Los misterios de Barcelona pronto alumbraron a una pequeña estrella de la ficción por entregas, una heroína que había imaginado como sólo se puede imaginar a una femme fatale a los diecisiete años. Chloé Permanyer era la princesa oscura de todas las vampiresas. Demasiado inteligente y todavía más retorcida, Chloé Permanyer vestía siempre las más incendiarias novedades de corsetería fina y oficiaba como amante y mano izquierda del enigmático Baltasar Morel, cerebro del inframundo que vivía en una mansión subterránea poblada de autómatas y macabras reliquias cuya entrada secreta estaba en los túneles sepultados bajo las catacumbas del Barrio Gótico. El método predilecto de Chloé para acabar con sus víctimas era seducirlas con una danza hipnótica en la que se desprendía de su atavío, para luego besarlas con un pintalabios envenenado que les paralizaba todos los músculos del cuerpo y las hacía morir de asfixia en silencio mientras ella las miraba a los ojos, para lo cual previamente se bebía un antídoto disuelto en Dom Pérignon de fina reserva. Chloé y Baltasar tenían su propio código de honor: sólo liquidaban escoria y limpiaban el mundo de matones, sabandijas, santurrones, fanáticos, cazurros dogmáticos y todo tipo de cretinos que hacían de este mundo un lugar más miserable de la cuenta para los demás en nombre de banderas, dioses, lenguas, razas o cualquier basura tras la que enmascarar su codicia y su mezquindad. Para mí eran unos héroes heterodoxos, como todos los héroes de verdad. Para don Basilio, cuyos gustos literarios se habían aposentado en la edad de oro del verso español, aquello era un disparate de dimensiones colosales, pero a la vista de la buena acogida que tenían las historias y del afecto que a su pesar me tenía, toleraba mis extravagancias y las atribuía a un exceso de calentura juvenil.

—Tiene usted más oficio que buen gusto, Martín. La patología que le aflige tiene un nombre y ese nombre es grand guignol, que viene ser al drama lo que la sífilis es a las vergüenzas. Su obtención tal vez es placentera, pero de ahí en adelante todo es cuesta abajo. Tendría que leer a los clásicos, o al menos a don Benito Pérez Galdós, para elevar sus aspiraciones literarias.

—Pero a los lectores les gustan los relatos —argumentaba yo.

—El mérito no es de usted. Es de la competencia, que de tan mala y pedante es capaz de sumir a un burro en estado catatónico en menos de un párrafo. A ver si madura de una puñetera vez y se cae ya del árbol de la fruta prohibida.

Yo asentía fingiendo contrición, pero secretamente acariciaba aquellas palabras prohibidas, grand guignol, y me decía que cada causa, por frívola que fuera, necesitaba de un campeón que defendiese su honra.

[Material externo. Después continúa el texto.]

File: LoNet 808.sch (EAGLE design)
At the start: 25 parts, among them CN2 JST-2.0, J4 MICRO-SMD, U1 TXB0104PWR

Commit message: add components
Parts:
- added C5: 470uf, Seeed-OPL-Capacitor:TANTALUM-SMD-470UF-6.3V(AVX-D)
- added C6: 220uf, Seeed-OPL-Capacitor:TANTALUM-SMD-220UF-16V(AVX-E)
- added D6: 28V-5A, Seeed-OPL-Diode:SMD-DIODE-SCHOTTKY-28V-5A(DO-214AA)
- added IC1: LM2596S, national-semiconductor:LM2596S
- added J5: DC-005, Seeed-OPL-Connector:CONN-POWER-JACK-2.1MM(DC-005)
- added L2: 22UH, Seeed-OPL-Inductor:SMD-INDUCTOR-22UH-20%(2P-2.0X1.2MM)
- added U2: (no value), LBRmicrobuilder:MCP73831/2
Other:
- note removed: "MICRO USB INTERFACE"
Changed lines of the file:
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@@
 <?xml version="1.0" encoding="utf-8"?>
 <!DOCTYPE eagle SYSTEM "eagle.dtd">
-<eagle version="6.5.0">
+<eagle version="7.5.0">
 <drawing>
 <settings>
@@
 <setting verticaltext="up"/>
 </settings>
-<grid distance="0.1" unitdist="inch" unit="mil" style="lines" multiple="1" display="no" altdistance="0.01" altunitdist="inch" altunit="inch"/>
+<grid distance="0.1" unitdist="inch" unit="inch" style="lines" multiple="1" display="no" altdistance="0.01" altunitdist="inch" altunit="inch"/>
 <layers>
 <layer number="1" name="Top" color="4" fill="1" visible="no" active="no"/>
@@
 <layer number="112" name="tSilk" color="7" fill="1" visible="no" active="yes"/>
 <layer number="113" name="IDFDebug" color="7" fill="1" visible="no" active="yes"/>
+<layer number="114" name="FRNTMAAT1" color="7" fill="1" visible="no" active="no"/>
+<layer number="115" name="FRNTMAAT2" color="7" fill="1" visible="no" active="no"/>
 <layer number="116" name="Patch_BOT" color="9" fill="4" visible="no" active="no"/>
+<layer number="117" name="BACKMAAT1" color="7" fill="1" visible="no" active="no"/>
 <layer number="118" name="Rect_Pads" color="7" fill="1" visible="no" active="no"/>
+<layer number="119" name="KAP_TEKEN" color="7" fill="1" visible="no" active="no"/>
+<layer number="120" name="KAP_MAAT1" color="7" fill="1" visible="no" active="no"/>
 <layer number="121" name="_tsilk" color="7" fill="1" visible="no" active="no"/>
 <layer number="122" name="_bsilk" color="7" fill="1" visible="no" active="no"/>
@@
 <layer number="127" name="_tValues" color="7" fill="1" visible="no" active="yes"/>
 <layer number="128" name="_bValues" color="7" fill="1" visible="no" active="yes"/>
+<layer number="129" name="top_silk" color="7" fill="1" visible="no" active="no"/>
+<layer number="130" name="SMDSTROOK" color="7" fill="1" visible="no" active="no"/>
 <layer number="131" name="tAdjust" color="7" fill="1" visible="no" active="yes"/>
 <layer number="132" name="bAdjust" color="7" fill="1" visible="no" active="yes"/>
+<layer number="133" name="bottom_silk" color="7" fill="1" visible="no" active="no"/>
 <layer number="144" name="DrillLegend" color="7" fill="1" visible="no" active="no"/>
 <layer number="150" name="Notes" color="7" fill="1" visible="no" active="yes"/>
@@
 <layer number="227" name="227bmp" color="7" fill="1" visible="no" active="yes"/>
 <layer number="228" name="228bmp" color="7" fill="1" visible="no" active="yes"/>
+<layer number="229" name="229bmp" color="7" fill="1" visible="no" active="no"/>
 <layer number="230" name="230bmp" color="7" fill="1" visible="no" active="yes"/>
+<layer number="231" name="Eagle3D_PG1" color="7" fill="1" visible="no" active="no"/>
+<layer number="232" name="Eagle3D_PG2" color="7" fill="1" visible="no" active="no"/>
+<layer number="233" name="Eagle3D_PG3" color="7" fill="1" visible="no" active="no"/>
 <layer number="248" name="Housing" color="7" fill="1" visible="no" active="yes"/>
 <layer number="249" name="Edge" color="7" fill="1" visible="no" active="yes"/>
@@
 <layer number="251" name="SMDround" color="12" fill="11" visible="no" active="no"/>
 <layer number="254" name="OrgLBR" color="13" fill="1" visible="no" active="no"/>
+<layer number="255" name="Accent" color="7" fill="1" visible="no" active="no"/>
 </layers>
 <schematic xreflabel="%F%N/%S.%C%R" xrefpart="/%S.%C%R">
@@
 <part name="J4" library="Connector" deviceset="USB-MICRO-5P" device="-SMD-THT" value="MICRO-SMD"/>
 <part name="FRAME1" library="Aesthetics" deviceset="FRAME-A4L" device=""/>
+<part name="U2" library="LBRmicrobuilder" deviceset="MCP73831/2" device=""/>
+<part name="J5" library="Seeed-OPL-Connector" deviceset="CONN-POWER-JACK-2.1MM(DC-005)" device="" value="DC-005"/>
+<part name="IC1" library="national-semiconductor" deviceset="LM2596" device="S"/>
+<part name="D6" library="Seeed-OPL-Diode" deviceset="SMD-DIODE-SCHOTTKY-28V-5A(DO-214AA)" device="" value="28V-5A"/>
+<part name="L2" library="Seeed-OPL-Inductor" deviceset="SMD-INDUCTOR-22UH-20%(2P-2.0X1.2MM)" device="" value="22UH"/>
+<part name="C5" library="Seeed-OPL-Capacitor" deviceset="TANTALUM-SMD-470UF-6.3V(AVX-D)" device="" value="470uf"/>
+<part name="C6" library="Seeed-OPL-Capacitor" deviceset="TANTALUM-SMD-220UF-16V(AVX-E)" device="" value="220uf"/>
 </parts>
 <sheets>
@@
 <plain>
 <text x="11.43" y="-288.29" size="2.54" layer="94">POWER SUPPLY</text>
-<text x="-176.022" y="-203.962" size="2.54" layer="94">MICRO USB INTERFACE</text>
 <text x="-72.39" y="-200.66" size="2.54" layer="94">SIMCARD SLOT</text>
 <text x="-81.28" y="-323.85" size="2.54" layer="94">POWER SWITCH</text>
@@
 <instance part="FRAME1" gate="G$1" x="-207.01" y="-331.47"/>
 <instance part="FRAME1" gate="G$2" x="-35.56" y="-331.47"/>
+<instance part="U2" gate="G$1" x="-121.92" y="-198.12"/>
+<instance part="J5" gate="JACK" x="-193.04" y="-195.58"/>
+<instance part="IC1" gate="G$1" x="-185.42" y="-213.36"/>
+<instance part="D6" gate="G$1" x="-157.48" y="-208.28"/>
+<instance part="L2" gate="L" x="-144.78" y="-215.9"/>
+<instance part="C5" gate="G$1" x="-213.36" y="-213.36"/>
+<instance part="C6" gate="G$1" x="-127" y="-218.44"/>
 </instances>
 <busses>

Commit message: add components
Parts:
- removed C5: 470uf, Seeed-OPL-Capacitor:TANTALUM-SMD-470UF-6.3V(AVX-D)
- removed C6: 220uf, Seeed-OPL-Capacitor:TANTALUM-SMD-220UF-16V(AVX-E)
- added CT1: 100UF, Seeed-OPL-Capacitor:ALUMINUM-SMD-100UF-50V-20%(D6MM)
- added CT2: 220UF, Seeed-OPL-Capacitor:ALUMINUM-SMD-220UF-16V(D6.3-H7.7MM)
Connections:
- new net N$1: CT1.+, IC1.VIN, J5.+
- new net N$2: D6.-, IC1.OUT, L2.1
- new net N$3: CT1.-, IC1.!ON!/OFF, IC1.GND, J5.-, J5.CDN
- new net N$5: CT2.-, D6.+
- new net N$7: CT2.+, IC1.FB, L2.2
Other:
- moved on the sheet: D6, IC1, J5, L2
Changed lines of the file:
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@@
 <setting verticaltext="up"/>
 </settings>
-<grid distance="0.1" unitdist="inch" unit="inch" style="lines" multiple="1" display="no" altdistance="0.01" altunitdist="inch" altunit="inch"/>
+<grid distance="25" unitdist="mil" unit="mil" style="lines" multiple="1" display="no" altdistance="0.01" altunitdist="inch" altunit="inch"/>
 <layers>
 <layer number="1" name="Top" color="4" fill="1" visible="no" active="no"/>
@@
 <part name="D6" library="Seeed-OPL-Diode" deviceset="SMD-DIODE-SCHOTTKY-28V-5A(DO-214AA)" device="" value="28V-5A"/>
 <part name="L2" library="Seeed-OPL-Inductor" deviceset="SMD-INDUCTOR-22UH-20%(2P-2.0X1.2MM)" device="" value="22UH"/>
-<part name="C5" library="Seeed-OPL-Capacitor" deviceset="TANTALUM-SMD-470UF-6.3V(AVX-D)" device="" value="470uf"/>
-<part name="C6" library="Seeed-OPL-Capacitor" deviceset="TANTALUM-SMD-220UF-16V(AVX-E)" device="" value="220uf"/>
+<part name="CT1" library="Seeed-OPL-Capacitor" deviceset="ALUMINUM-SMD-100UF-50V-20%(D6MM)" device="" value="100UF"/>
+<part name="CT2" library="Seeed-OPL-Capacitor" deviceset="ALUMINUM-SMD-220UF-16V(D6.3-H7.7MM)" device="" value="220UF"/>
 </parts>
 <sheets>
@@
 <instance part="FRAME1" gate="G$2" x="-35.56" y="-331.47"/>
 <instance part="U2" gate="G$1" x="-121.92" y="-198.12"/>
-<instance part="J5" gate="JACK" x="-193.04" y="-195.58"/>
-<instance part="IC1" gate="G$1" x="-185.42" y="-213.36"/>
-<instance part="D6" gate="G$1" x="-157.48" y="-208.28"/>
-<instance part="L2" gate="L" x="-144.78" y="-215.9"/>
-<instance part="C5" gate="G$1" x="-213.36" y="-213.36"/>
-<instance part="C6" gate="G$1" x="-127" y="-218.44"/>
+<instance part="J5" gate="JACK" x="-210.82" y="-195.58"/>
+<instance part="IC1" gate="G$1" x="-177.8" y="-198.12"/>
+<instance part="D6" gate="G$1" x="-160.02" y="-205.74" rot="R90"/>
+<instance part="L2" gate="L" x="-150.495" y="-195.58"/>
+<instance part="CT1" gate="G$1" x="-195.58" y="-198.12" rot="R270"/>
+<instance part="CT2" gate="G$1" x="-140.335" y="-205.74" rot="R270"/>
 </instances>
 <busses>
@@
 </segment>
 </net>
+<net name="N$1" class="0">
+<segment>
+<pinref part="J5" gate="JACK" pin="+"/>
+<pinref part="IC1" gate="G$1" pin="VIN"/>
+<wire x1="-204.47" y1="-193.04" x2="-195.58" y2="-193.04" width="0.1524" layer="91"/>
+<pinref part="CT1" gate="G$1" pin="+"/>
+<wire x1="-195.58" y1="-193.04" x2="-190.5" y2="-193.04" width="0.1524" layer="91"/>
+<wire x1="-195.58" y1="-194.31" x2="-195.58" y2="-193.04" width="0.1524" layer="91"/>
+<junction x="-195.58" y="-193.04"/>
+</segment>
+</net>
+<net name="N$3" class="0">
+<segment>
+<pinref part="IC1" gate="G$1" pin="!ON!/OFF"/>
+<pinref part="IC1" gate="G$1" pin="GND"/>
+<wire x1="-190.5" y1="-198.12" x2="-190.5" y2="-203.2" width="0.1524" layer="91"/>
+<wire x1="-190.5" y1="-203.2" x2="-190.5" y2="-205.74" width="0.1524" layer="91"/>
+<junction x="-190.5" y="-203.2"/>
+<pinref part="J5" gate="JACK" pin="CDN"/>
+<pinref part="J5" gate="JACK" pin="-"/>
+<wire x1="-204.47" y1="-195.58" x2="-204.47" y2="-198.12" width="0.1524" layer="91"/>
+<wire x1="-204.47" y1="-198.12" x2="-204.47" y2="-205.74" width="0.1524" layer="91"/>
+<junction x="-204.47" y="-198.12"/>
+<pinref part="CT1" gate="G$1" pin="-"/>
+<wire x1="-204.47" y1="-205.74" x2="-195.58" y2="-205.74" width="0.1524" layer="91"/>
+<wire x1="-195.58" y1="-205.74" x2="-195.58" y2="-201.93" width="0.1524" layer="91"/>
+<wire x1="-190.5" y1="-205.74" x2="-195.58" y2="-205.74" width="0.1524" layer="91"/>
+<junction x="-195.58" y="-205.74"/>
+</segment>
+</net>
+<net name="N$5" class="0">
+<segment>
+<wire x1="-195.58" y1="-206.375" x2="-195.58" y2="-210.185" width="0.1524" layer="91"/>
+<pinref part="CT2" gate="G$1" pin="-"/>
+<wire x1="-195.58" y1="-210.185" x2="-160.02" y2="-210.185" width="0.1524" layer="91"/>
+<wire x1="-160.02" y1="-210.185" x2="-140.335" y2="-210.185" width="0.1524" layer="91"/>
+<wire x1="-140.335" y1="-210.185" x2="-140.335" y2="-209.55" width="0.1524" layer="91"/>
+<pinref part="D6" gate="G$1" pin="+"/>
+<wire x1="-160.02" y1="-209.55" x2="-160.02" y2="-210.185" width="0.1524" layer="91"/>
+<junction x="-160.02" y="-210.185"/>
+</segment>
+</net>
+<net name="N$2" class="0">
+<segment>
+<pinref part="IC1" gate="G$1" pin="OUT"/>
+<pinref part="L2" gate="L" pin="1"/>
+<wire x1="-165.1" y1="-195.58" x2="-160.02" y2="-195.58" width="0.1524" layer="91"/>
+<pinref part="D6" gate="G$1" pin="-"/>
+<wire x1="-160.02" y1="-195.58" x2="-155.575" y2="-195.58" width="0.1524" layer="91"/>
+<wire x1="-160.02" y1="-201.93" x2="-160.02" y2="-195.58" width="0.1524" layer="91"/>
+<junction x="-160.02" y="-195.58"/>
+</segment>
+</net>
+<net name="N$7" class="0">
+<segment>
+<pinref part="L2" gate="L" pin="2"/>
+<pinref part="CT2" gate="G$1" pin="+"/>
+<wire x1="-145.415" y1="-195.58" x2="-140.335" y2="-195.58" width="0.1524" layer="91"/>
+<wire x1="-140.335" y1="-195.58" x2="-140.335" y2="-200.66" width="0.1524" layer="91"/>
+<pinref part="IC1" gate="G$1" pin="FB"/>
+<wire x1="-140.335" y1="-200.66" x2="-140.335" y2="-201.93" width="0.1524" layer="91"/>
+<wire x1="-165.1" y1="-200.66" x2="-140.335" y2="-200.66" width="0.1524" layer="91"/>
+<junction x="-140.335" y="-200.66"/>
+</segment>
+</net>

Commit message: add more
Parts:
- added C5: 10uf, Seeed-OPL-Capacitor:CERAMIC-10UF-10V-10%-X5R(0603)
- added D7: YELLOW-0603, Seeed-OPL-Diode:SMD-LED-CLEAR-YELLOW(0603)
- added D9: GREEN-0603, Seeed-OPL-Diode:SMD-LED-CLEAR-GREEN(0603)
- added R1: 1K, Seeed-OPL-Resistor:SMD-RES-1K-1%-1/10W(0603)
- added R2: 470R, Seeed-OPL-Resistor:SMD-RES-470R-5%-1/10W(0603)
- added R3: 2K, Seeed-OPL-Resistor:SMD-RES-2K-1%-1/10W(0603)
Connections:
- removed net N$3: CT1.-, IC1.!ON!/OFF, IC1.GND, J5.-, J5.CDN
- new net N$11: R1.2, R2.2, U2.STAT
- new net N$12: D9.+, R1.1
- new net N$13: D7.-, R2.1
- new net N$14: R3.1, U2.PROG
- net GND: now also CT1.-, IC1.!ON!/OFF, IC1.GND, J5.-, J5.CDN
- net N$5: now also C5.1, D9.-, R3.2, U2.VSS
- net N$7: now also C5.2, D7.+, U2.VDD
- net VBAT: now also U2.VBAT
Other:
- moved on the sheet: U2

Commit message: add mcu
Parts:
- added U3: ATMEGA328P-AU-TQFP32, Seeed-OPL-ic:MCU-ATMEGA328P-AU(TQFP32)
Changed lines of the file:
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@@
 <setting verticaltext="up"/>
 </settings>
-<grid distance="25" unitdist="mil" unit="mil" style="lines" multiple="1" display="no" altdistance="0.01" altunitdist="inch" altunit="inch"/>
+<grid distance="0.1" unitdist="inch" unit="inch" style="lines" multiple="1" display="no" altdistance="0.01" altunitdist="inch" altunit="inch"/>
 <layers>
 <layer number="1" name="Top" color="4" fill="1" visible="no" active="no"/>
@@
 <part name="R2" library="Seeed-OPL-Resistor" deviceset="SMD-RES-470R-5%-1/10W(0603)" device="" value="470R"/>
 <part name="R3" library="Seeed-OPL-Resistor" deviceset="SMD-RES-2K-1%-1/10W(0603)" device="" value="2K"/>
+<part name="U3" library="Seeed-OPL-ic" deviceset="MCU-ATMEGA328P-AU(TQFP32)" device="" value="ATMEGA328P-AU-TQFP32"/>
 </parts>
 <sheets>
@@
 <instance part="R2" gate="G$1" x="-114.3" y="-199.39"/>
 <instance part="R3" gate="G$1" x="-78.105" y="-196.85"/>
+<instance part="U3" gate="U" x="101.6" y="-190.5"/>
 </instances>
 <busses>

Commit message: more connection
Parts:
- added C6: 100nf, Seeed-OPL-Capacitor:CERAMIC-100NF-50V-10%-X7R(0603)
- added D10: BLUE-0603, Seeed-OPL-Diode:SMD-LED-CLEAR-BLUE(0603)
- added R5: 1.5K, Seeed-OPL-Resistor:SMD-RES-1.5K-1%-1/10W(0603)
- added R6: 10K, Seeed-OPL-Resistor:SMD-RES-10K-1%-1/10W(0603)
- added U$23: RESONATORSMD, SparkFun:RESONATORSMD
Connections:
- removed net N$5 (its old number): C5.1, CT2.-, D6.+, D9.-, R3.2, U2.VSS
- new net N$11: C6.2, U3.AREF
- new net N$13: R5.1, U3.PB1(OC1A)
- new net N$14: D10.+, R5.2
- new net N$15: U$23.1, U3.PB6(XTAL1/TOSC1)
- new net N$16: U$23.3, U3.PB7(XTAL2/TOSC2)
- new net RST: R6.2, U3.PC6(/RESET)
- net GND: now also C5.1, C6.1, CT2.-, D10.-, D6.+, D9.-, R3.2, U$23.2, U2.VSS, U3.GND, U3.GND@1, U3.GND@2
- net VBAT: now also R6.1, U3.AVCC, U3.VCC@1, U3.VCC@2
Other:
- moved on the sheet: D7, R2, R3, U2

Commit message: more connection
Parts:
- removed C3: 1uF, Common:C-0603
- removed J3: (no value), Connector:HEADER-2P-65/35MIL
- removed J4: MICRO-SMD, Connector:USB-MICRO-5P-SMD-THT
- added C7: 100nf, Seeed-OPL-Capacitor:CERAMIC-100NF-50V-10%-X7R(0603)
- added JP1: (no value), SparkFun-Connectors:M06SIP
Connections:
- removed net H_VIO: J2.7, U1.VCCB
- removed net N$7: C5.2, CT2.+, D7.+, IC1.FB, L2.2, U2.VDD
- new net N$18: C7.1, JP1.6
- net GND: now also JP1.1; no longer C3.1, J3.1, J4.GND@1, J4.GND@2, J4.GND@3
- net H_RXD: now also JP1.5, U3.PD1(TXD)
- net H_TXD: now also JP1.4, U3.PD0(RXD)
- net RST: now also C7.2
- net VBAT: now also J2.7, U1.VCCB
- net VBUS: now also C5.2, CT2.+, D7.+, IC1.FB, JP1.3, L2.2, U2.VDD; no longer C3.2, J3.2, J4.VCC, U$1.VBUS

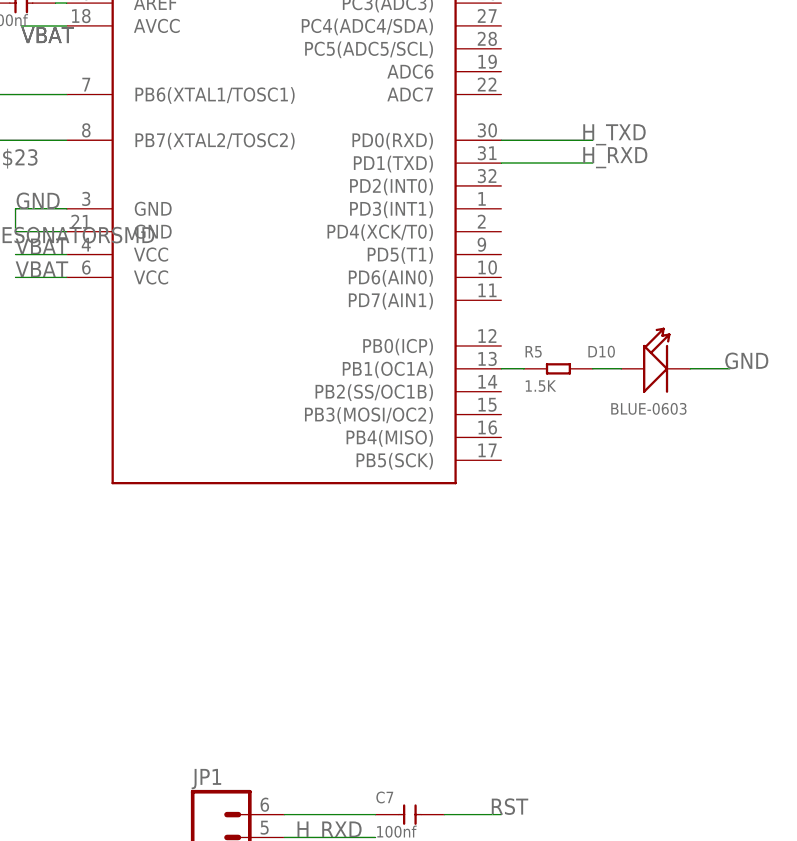
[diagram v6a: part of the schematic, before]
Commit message: add RFM83C
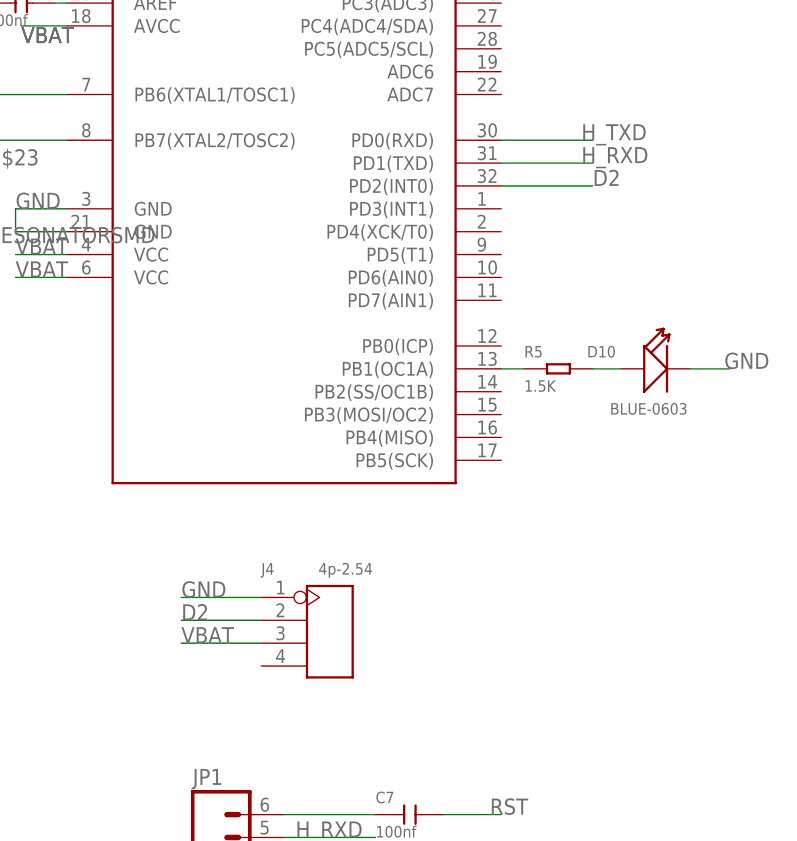
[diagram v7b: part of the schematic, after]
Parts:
- added J4: 4p-2.54, Seeed-OPL-Connector:DIP-BLACK-FEMALE-HEADER-VERT(4P-2.54)
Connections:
- new net D2: J4.P$2, U3.PD2(INT0)
- net GND: now also J4.P$1
- net VBAT: now also J4.P$3
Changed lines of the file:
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@@
 <part name="JP1" library="SparkFun-Connectors" deviceset="M06" device="SIP"/>
 <part name="C7" library="Seeed-OPL-Capacitor" deviceset="CERAMIC-100NF-50V-10%-X7R(0603)" device="" value="100nf"/>
+<part name="J4" library="Seeed-OPL-Connector" deviceset="DIP-BLACK-FEMALE-HEADER-VERT(4P-2.54)" device="" value="4p-2.54"/>
 </parts>
 <sheets>
@@
 <instance part="JP1" gate="G$1" x="96.52" y="-266.7"/>
 <instance part="C7" gate="G$1" x="115.57" y="-259.08"/>
+<instance part="J4" gate="G$1" x="106.68" y="-238.76"/>
 </instances>
 <busses>
@@
 <wire x1="-36.83" y1="-220.98" x2="-20.32" y2="-220.98" width="0.1524" layer="91"/>
 <label x="-30.48" y="-220.98" size="1.778" layer="95"/>
+</segment>
+<segment>
+<pinref part="J4" gate="G$1" pin="P$3"/>
+<wire x1="99.06" y1="-240.03" x2="90.17" y2="-240.03" width="0.1524" layer="91"/>
+<label x="90.17" y="-240.03" size="1.778" layer="95"/>
 </segment>
 </net>
@@
 <wire x1="104.14" y1="-271.78" x2="104.14" y2="-276.86" width="0.1524" layer="91"/>
 <label x="104.14" y="-276.86" size="1.778" layer="95"/>
+</segment>
+<segment>
+<pinref part="J4" gate="G$1" pin="P$1"/>
+<wire x1="99.06" y1="-234.95" x2="90.17" y2="-234.95" width="0.1524" layer="91"/>
+<label x="90.17" y="-234.95" size="1.778" layer="95"/>
 </segment>
 </net>
@@
 </segment>
 </net>
+<net name="D2" class="0">
+<segment>
+<pinref part="U3" gate="U" pin="PD2(INT0)"/>
+<wire x1="125.73" y1="-189.23" x2="135.89" y2="-189.23" width="0.1524" layer="91"/>
+<label x="135.89" y="-189.23" size="1.778" layer="95"/>
+</segment>
+<segment>
+<pinref part="J4" gate="G$1" pin="P$2"/>
+<wire x1="99.06" y1="-237.49" x2="90.17" y2="-237.49" width="0.1524" layer="91"/>
+<label x="90.17" y="-237.49" size="1.778" layer="95"/>
+</segment>
+</net>

Empezaba a sentirme el más afortunado de los mortales cuando descubrí que a unos cuantos compañeros del diario los incomodaba que el benjamín y mascota oficial de la redacción hubiera empezado a dar sus primeros pasos en el mundo de las letras cuando sus propias aspiraciones y ambiciones literarias languidecían desde hacía años en un gris limbo de miserias. El hecho de que los lectores del diario leyesen con avidez y apreciasen aquellos modestos relatos más que cualquier otro contenido publicado en el rotativo en los últimos veinte años sólo empeoraba las cosas. En apenas unas semanas, vi cómo el orgullo herido de quienes hasta hacía poco había considerado mi única familia los transformaba en un tribunal hostil que empezaba a retirarme el saludo, la palabra y se complacía en afinar su talento despechado en dedicarme expresiones de sorna y desprecio a mis espaldas. Mi buena e incomprensible fortuna se atribuía a la ayuda de Pedro Vidal, a la ignorancia y estupidez de nuestros suscriptores y al extendido y socorrido paradigma nacional que estipulaba sin reservas que alcanzar cierta medida de éxito en cualquier ámbito profesional era prueba irrefutable de incapacidad y falta de merecimiento.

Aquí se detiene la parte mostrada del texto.